Celia Chazelle
Celia Chazelle is chair of the History Department at The College of New Jersey and co-founder of its Center for Prison Outreach and Education
The practical benefits of educating prisoners are well documented. Over ninety percent of inmates eventually return to society; those who receive educational programming behind bars are more likely to find jobs and do without government assistance. They have greater capacity to support relatives financially, contribute in positive ways to their communities, and help their kids succeed in school and stay out of trouble. The benefits extend to the wider public, as well, as study after study shows that educating inmates reduces recidivism – the rate at which they commit new crimes leading to re-arrest or re-incarceration. Although statistics vary, it appears that recidivism among offenders who complete some college work in prison drops by ten percent or more, even if they do not finish a degree. Postsecondary correctional education is, moreover, a cost-effective tool for improving public safety, since it is invariably less expensive than prison (an average of $25,251 per federal inmate in 2009). By lowering recidivism it saves taxpayers’ money, and given our massive incarcerated population – over 2.3 million – it helps address the growing education gap between the US and other countries.
That prisons should offer postsecondary education would therefore seem common sense, yet this trait is in short supply among our politicians. The problem lies on both sides of the political spectrum: when it comes to educating inmates or, indeed, to implementing any reform that might mitigate the harshness of our penal system, Democrats, fearful of the soft-on-crime label, are as bad as – if not worse than – Republicans. The Clinton era illustrates this well. Our jail and prison population soared under Clinton, who signed into law the Violent Crime Control and Law Enforcement Act of 1994, a bill sponsored by Democrat Representative Jack Brooks and written by then-Senator Joe Biden. Among the measures of this legislation, sometimes called the “Biden Law,” was a $9.7 billion plan to build new prisons and a sharp increase in the number of crimes subject to the death penalty. Although the bill provided $6.1 billion for prevention initiatives, it contained a bipartisan amendment egregiously counter-prevention: inmates were henceforth barred from Pell grants, the major federal source of college financial assistance for low-income students. The average grant was small, only about $1500 per student in 1994, yet the cumulative impact was huge.

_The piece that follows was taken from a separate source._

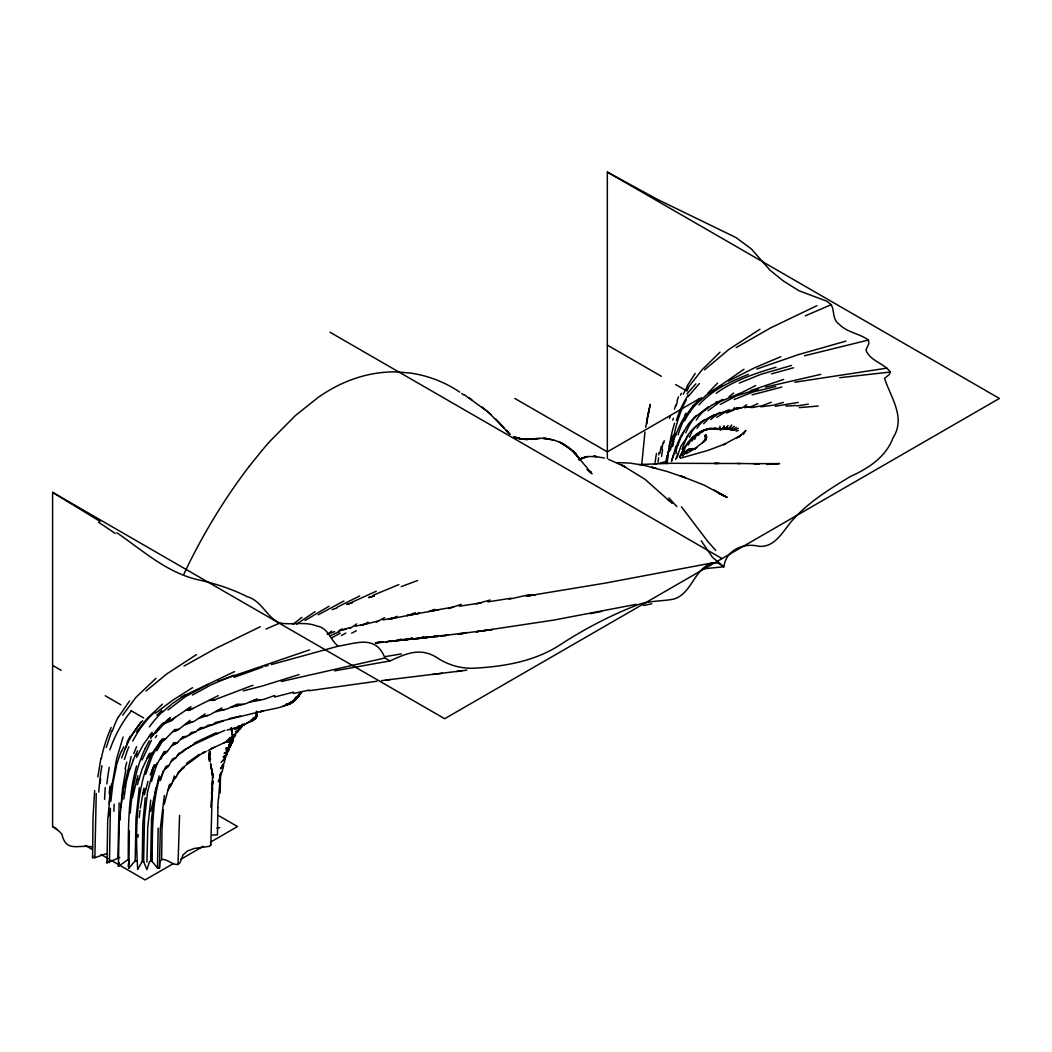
<?xml version="1.0" encoding="UTF-8"?>
<svg xmlns="http://www.w3.org/2000/svg" width="1052" height="1052" viewBox="0 0 1052 1052"><rect width="100%" height="100%" fill="white"/><g stroke="black" fill="none" stroke-linecap="round" stroke-linejoin="round"><path stroke-width="1.5" d="M106.423 853.632L94.864 857.735L92.602 857.656L93.023 817.562L94.654 790.512M119.757 857.459L107.015 862.89L107.699 820.35L110.513 790.894M136.602 765.882C127.976 796.272 128.331 828.174 128.252 859.471L118.403 866.361L119.27 821.52L123.123 789.802M145.229 797.732L142.809 823.94L142.23 861.43L137.707 869.386C135.353 831.816 135.616 791.998 150.37 756.638M155.814 787.922L151.554 818.509L150.633 860.983L149.397 862.061L146.899 869.609L143.637 861.522L144.505 818.929L147.53 792.143L153.303 769.788M210.834 844.414L209.427 846.321L194.173 848.477L187.44 851.002L183.061 854.895L180.168 862.508L178.038 864.481C172.002 865.152 167.636 858.8 161.653 859.484L159.851 861.812L159.444 868.321L157.484 867.992L152.198 861.549C152.33 834.367 151.882 806.726 158.878 780.242M159.444 868.321L160.298 828.976L164.349 795.509M161.653 859.484L162.008 829.357L163.336 809.685M210.794 845.584L212.188 793.984M146.912 862.061L147.753 827.437L150.699 800.138M230.283 744.001L230.782 745.776L228.823 746.026L231.216 744.645L231.243 743.133L230.782 745.776L228.744 747.393L230.256 746.854L225.68 748.406L228.744 747.393L230.283 744.001L230.256 746.854L226.233 750.155L228.757 750.168L229.428 747.762L226.233 750.155M92.602 857.656L92.629 855.776M209.269 757.808L209.348 753.429L209.348 759.386L209.427 751.825L209.953 761.319M212.977 781.925L211.465 793.787M209.019 756.072L209.059 754.639L209.637 759.544M209.48 753.837L208.953 757.756L209.48 753.837L209.072 756.243M108.737 816.128L108.908 811.171M221.091 762.49L225.141 757.742L224.431 762.568L220.499 768.696L223.169 765.909L222.472 770.643L218.264 781.741M228.889 746.052L228.797 748.827L229.428 747.762M129.343 830.87L128.883 868.11L135.208 860.76L135.971 818.338L139.324 787.724M138.062 837.024L138.154 834.578M220.144 792.932L220.525 775.968M120.204 819.863L120.415 814.919M705.708 438.973L705.971 434.936L705.708 438.973L705.011 435.147L705.958 439.604L706.536 436.133L704.353 441.616L706.72 437.198L702.434 443.01M158.142 828.082L157.484 867.992M212.701 788.027L210.755 807.042M217.909 807.528L217.435 834.841L212.031 835.078M110.394 808.291L109.434 862.561M109.237 803.781L109.868 794.01M212.412 778.217L212.78 774.246L212.649 775.705L210.821 764.699L212.912 776.994L211.702 784.082M641.838 463.656L644.955 432.017M119.126 802.952L117.903 857.551M96.258 793.458L94.864 857.735M230.441 742.778L232.781 741.41L232.886 739.793L230.441 742.778L232.242 742.475L232.886 739.793M120.822 807.542L122.65 788.237L125.806 769.722M130.251 813.157C131.908 791.012 135.655 768.617 145.215 748.393M179.563 815.379L178.038 864.481M110.868 801.216L112.945 782.833L116.272 767.092M229.546 741.042L233.136 738.925L231.387 729.825L233.412 738.859L232.873 740.253L229.546 741.042L233.136 738.925L232.808 734.953L232.308 740.148L229.06 741.042L232.518 738.754L232.913 737.071L231.545 729.878M208.953 757.756L210.216 751.325L208.717 757.927L209.664 754.363L208.914 756.822M139.232 817.654L140.008 810.434M212.991 780.781L211.715 787.751M218.645 797.85L220.473 773.549M123.807 799.007L126.345 781.715L129.751 768.92M232.781 741.41L233.097 738.386L233.215 740.24L232.19 741.2L229.02 741.818L232.781 741.41L227.797 742.383L231.322 741.976L233.215 740.24L233.084 736.742L233.412 738.859L232.19 741.2L230.309 741.384L233.412 738.859M253.953 718.582L256.162 718.043L257.069 713.887L254.913 719.081L256.701 716.11L255.978 717.924L253.243 719.568L256.162 718.043L257.148 714.177L254.702 718.674L256.083 717.898L256.846 714.058L256.175 716.465M97.823 776.928L100.861 758.558M208.888 757.913L209.216 755.336L209.216 760.833M112.459 782.57L116.535 759.123L123.084 737.058M123.123 793.958L123.439 791.538M232.071 736.61L231.624 739.99L226.943 741.594L230.717 739.648L232.071 736.61L230.309 740.792L231.558 738.294L228.705 741.279L230.717 739.648L223.379 743.146M233.294 737.123L232.873 740.253L230.309 741.384M661.59 456.41L662.576 449.598M256.951 711.507L256.083 717.898L257.148 714.177M140.31 808.028L143.993 788.132M646.77 423.877L647.453 419.064M150.738 811.447L159.207 775.876M705.682 440.236L706.102 437.527L705.642 439.841M683.774 453.228C684.536 446.114 688.823 439.539 695.083 436.041M124.136 786.712L131.184 756.546M647.822 416.658L649.031 409.504M220.039 777.31L220.604 773.864M645.678 427.243L650.189 404.376L648.269 413.844M658.683 454.937L659.078 452.61M229.691 743.698L232.242 742.475L232.492 741.029L229.691 743.698L231.703 743.54L232.492 741.029M231.953 742.133L231.703 743.54L229.126 744.777L231.216 744.645L231.953 742.133L229.126 744.777M132.499 797.653L137.891 775.718M128.87 861.996L128.199 865.73L128.883 868.11M728.05 425.442L725.801 428.388L723.5 429.216L723.526 427.533L720.41 429.624L723.5 429.216L724.184 425.836L722.251 428.9L720.094 429.847L719.936 426.178M646.927 420.116L648.216 413.489M232.308 740.148L232.913 737.071L230.875 740.779L232.518 738.754L229.06 741.042M675.884 453.636L676.304 451.545M225.141 757.742L223.116 760.741M663.773 442.905L664.233 440.696M118.403 866.361L119.165 862.719M164.27 804.28L169.359 784.792L172.186 783.175L174.356 775.981M144.334 794.944L147.99 781.386M672.767 445.838L673.767 441.669M137.352 784.739L142.02 769.407L149.41 753.521L152.211 753.127L162.126 739.017L165.559 738.925L174.711 729.588L178.84 729.338L190.07 720.357M671.465 461.473L675.91 446.548M668.783 451.716L669.296 449.533M682.038 449.217L687.364 435.988A109.316 62.305 24.9 0 1 692.847 429.216A107.672 61.2 24.1 0 1 696.345 426.099M151.462 781.439L157.379 762.687M160.456 780.584L163.191 771.077M226.798 754.547L223.313 756.861L226.798 754.547L224.904 758.913L224.773 756.283M208.993 756.467L209.94 752.837M106.291 747.472L111.722 730.864M676.581 458.264L680.946 446.166L688.508 435.147M679.934 457.725L683.892 448.086L689.783 441.432M145.597 774.351L152.251 755.901L160.009 742.107M121.624 757.913L127.7 742.278M208.717 758.216L209.414 755.915M671.781 460.487L673.99 453.912M677.882 445.404L681.617 435.567M688.284 445.101L691.953 438.026A58.018 30.521 25.6 0 1 697.2 433.845M221.998 766.711L222.708 764.488M694.767 439.289C696.24 433.082 702.697 429.413 708.719 429.045L702.171 431.123L698.081 435.581M107.015 862.89L107.738 860.773M172.975 781.084L176.473 776.547L178.275 772.168L184.087 767.579M689.454 437.29L691.808 431.938A100.808 52.403 23.5 0 1 700.33 422.457L704.485 419.827M222.945 767.71L223.76 765.422M677.028 400.72L678.487 396.762M159.549 780.4L165.874 766.448L169.03 765.356L172.541 758.86L175.986 757.703L178.708 753.416L182.364 752.141L185.836 749.156M220.381 774.601L221.222 772.286M691.874 441.183L696.108 434.476L702.197 430.886M672.741 420.156L673.477 418.17M150.226 775.008L154.039 765.054L156.879 764.423L164.086 751.693L167.439 751.352L173.593 743.146L177.42 742.686L182.89 736.755L187.111 736.282L195.817 731.692L200.419 727.734L205.298 727.366L223.353 720.909M228.179 751.207L224.339 753.298L228.179 751.207L225.601 755.283M142.02 760.017L151.449 740.292M133.775 753.429L136.563 746.71M675.621 459.461L678.316 453.241M685.759 432.793L688.232 427.349A159.851 87.303 29.9 0 1 696.805 415.448M669.374 418.407L670.255 416.342M121.703 751.299L123.702 746.762M160.864 759.202L164.086 752.246M136.563 757.401L143.111 744.934L152.04 732.337M234.609 737.044L235.595 734.769L233.478 735.085L238.094 731.64L235.424 731.613L238.738 730.417L240.54 728.444L238.357 728.602L241.579 727.419L242.894 725.117L237.883 726.603L241.631 725.499M133.117 760.044L137.536 750.72M168.254 789.802L172.186 783.175M607.333 458.37L607.333 172.081L657.645 199.499L735.979 237.555L751.273 248.851L769.893 270.035L783.346 280.976L798.876 290.694L826.793 301.188L831.251 304.672C834.67 311.09 832.211 319.755 839.312 324.345C847.268 332.629 859.471 333.431 868.439 340.046L868.847 343.623L865.928 350.079C870.162 361.099 883.838 363.045 890.36 372.04L889.177 374.643L884.574 378.339C890.676 397.459 906.14 417.473 893.043 437.856C885.968 456.857 868.387 468.482 850.621 476.346C829.239 489.312 807.186 502.803 790.867 522.068C782.412 532.338 774.298 547.882 758.702 546.277C743.817 542.464 725.854 550.025 723.868 566.752L702.512 568.935M725.104 429.308L728.497 429.255L731.64 424.982M682.814 455.884L684.905 452.465M231.322 741.976L232.505 739.582M156.814 750.747L163.218 739.78M679.461 456.713L682.972 451.098M743.422 434.423L745.855 430.426L739.359 436.462L741.213 435.147L723.579 444.667L725.551 443.773L708.114 450.374L680.631 458.159M696.74 402.18L698.62 398.866M209.466 760.964L210.689 758.781M230.178 737.334L225.759 742.054L211.031 748.853L214.832 747.117M697.108 428.401L698.055 426.731A93.273 44.368 22.3 0 1 703.696 420.761M687.18 385.926L695.188 373.421M118.666 716.728L129.528 701.027M122.716 715.15L136.01 697.292L155.972 678.316M130.935 736.308L140.942 721.935M253.65 718.818L255.978 717.924L251.73 720.712L255.412 717.346L251.691 721.291L246.405 723M149.345 757.493L152.211 753.127M226.903 752.574L228.231 750.444M156.879 764.423L152.001 770.261M696.279 420.024L698.489 416.802A155.998 76.48 26.3 0 1 702.552 412.187L711.586 405.309L722.869 399.287M136.365 732.008L146.912 718.647L162.416 704.183M155.341 737.61L156.774 735.453M299.938 692.979L294.297 700.763L286.407 704.472C293.824 703.919 297.861 696.911 301.779 691.532C298.216 696.319 294.784 702.302 288.577 703.919L294.192 701.013L298.847 695.622L294.192 701.013L290.641 703.157L295.862 699.356L300.254 693.426L295.862 699.356L292.548 702.118L297.387 697.45L294.297 700.763L290.628 702.591L295.849 699.08L298.742 695.319L294.297 700.763L291.443 701.973M703.683 423.693L709.193 417.868L720.16 412.358M294.165 700.356L292.509 701.671L297.203 697.095L291.943 701.71M255.412 717.346L253.44 720.186L256.136 715.386L254.873 719.292L252.506 719.555M688.139 387.517L702.368 369.476L720.028 352.17M689.862 412.016L691.072 410.319A221.367 121.651 38.1 0 1 696.648 403.797M688.1 396.591L699.396 383.546M253.44 717.911C247.233 725.867 236.108 727.024 227.127 730.154M684.773 415.027L686.154 413.186M198.078 730.154L205.298 727.366L207.783 725.301L212.885 724.526L215.529 722.527L263.579 710.85L260.028 711.744C274.125 708.009 291.983 707.851 300.293 693.689L292.364 702.407L287.893 703.959M295.007 699.251L296.703 697.042M300.293 693.689L293.85 701.066L286.118 705.195C293.14 703.433 297.677 697.266 301.766 691.756M715.544 402.89L716.622 401.496M249.048 466.575L262.25 450.164A265.722 153.421 -60 0 1 270.377 440.801L295.494 415.474L318.414 397.209A168.083 97.047 -60 0 1 327.08 391.594A163.257 94.259 -60 0 1 335.746 386.715C352.354 378.049 370.791 372.697 389.556 372A265.748 153.434 -60 0 1 397.682 371.974L410.885 373.144A316.849 182.93 -60 0 1 426.047 376.406A342.255 197.605 -60 0 1 440.328 381.495A349.264 201.642 -60 0 1 459.737 392.12M734.204 426.218L731.193 428.769L728.497 429.255M686.969 393.882L695.885 383.822M683.05 454.832L685.957 451.847M177.354 755.901L183.903 750.155L193.252 744.79L195.028 742.659L216.133 732.744M231.479 740.91L233.136 738.925M228.823 746.026L230.427 744.093M166.729 767.855L169.03 765.356M698.988 404.888C711.941 390.029 730.39 381.547 748.353 374.407M151.291 736.545L170.358 717.648M733.468 408.912L734.664 407.597M298.715 695.727L290.391 703.551L285.723 704.551M682.524 455.7L685.654 452.755M294.823 698.752L296.795 696.582L294.521 698.844M707.667 393.356L717.596 383.099M189.136 734.769L191.254 732.508L195.817 731.692M295.178 699.264L297.203 697.095M710.639 419.538L717.267 414.357L729.391 409.728M692.9 405.783L701.539 397.709M156.906 715.228L161.837 710.337M254.702 718.674L256.912 716.386M696.595 403.758L706.905 394.684L721.646 385.203M177.433 774.588L182.272 767.973L204.443 751.667M717.951 429.624L719.594 427.993M707.957 410.767L720.239 401.667L739.688 393.382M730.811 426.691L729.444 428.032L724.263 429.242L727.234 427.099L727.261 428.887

With passage of the 1965 Higher Education Act, on which Pell grants were based, the number of postsecondary correctional education programs shot up from twelve that year to 350 during the Reagan presidency. Ending Pell grants to inmates saved enough to increase grants to non-prison students by a paltry $5 each per semester, while decimating prison postsecondary education programs. After 1994, only eight remained open.
Some of the closed programs gradually restarted as administrators found other sources of revenue. A stopgap measure was the federal Incarcerated Youth Offender Program (now the Incarcerated Individuals Program), which in 1998 established “Specter grants”; these are named after then-Republican Senator Arlen Specter, who has been called “the single most effective legislator at the national level for correctional education.” Despite restricted inmate eligibility, Specter grants are presently the most widespread public funding for postsecondary education in state prisons. Largely thanks to them, by 2005, inmate participation was back to pre-1994 levels. But the grants don’t go nearly far enough. Only about six percent of the incarcerated population in the US currently receives postsecondary education, primarily vocational; just thirteen states – seven with Republican governors – account for eighty-six percent of these students. These thirteen draw from their government budgets; elsewhere, postsecondary correctional education depends entirely on grants and other external resources. Less than a third of prison college programs offer enough courses for inmates to earn associate degrees, and only a fraction of qualified inmates have access to them.
The future looks bleaker still. One of the few private benefactors of prison education, the JEHT Foundation, lost its endowment in the Madoff scandal and closed in 2009. Specter grants have been eliminated from Obama’s 2012 federal budget, and another major federal source, the Second Chance Act that Bush signed in 2008, appears to be on the Obama chopping block as it seeks to cut the federal deficit.
The prison college program I work with relies on a Specter grant for roughly seventy percent of its courses; a Second Chance Act grant and a Sunshine Lady Foundation grant cover additional programming. Every day in the two prisons where we operate, classrooms are filled with mainly African American and Hispanic gang members who got entangled at an early age in the harsh dynamics of New Jersey’s ghetto streets. Only about twelve percent of inmates in these prisons take our courses. Most come to class with homework prepared and listen carefully as college instructors teach them math, English, sociology, marketing, science, and history. Although some drop out, each course they pass moves them one step further from the gang violence and drug dealing that sent them to prison and closer to becoming productive, law-abiding citizens. Politicians see prison education as easy to cut since inmates are invisible to the public, but therein lies madness. If young prisoners are released with no opportunity for postsecondary education and, accordingly, vanishing prospects of legal employment, society as a whole will pay a far steeper price than the puny amount saved.